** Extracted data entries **
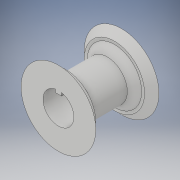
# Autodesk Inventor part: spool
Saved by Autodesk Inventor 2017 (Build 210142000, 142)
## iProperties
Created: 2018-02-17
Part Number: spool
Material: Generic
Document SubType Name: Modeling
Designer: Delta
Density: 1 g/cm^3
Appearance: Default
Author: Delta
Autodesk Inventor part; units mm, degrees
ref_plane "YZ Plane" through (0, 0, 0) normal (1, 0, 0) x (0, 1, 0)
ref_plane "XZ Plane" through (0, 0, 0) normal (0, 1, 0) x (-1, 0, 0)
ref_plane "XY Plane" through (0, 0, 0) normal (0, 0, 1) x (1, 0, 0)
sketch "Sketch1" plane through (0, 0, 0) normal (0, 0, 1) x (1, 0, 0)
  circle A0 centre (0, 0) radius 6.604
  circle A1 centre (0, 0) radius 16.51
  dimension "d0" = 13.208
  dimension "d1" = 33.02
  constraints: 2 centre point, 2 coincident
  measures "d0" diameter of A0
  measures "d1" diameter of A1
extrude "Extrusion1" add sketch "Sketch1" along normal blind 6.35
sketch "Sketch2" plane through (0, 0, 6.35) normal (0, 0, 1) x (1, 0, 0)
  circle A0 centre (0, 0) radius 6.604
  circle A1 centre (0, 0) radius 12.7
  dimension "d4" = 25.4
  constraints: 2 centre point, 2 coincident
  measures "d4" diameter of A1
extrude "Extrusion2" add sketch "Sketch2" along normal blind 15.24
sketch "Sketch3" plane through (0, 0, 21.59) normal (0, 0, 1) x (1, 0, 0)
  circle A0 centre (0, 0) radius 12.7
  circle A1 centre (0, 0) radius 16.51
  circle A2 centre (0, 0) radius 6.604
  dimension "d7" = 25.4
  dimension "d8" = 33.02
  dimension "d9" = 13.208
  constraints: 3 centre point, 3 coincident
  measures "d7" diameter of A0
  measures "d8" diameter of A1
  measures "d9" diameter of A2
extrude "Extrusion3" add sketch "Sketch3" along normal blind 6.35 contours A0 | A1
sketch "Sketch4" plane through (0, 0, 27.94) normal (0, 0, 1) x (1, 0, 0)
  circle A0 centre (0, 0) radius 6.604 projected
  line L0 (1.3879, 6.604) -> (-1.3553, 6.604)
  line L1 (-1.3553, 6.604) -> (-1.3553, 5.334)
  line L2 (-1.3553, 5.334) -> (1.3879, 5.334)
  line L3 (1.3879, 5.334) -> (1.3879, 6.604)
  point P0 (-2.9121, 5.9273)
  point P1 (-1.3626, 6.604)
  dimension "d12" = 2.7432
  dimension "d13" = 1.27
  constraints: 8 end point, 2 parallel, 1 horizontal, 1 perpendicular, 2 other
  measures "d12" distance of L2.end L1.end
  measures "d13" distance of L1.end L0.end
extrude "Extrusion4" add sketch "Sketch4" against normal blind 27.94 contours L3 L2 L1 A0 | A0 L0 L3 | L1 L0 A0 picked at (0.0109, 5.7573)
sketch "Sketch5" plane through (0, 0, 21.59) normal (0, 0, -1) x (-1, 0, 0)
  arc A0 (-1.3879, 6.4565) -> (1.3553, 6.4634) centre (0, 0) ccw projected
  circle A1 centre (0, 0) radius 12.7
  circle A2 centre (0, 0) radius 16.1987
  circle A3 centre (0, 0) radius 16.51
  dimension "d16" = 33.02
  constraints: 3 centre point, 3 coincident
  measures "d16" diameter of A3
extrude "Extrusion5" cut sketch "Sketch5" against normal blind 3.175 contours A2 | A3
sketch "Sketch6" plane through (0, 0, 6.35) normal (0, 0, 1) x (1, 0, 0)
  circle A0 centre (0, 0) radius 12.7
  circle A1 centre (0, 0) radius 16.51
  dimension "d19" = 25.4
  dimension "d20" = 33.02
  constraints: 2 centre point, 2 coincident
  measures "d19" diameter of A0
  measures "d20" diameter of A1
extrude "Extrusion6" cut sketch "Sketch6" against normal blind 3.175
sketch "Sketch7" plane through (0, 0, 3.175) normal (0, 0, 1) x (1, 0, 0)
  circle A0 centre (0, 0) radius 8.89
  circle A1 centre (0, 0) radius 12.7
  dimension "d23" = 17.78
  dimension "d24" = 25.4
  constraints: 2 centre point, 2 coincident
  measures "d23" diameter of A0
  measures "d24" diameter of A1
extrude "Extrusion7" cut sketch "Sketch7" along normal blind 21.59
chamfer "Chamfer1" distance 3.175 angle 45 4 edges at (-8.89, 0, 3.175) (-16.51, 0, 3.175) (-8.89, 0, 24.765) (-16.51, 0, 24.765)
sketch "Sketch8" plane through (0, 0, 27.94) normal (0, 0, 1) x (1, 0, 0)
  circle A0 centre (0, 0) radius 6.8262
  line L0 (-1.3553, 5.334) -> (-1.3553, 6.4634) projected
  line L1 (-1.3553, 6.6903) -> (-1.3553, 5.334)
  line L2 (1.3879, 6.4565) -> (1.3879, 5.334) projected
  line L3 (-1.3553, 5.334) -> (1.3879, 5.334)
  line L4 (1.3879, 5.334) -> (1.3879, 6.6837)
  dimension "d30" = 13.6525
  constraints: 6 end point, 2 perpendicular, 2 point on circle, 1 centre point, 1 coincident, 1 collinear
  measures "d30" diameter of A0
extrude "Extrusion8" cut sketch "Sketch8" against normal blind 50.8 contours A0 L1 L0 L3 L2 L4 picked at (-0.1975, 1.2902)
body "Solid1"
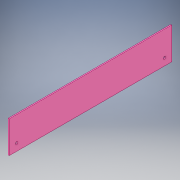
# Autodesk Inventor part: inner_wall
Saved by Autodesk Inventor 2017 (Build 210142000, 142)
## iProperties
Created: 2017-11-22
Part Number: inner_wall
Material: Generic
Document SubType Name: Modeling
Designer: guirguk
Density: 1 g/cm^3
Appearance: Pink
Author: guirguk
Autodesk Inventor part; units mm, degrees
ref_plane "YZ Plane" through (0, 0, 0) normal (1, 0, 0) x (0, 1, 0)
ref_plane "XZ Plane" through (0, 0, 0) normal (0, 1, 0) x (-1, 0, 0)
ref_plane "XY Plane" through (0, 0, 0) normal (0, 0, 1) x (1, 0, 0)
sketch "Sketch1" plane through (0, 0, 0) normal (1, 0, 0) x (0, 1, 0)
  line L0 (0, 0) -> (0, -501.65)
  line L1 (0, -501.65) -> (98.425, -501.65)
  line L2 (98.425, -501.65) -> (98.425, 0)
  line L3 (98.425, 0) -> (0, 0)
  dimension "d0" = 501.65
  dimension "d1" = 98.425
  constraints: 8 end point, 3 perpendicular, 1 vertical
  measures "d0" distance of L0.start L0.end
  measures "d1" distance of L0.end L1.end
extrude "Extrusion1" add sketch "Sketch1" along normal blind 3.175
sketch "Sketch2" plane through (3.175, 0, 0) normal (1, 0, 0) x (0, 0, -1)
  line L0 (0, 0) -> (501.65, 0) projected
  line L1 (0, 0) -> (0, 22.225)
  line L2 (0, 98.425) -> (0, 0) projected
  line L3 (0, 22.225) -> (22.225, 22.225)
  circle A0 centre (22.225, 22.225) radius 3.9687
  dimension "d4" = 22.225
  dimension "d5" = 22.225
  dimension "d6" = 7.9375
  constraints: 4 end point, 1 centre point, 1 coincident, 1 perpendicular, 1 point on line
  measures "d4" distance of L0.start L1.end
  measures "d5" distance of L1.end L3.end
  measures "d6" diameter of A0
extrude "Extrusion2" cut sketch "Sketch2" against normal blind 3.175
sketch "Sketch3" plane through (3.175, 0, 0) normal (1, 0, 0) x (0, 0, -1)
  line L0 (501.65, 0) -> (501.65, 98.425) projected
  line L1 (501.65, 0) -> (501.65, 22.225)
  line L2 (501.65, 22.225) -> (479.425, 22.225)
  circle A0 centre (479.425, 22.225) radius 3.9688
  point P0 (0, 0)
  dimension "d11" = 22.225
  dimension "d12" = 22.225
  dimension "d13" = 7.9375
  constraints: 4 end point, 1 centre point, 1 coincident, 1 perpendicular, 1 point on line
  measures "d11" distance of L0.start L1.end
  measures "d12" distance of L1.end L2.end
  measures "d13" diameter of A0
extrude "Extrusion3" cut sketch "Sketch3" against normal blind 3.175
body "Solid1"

** ACTIVITY **
Whenever a line in the entries above includes the word "Number", pull that line out.

** TASK ANSWER **
Part Number: spool
Part Number: inner_wall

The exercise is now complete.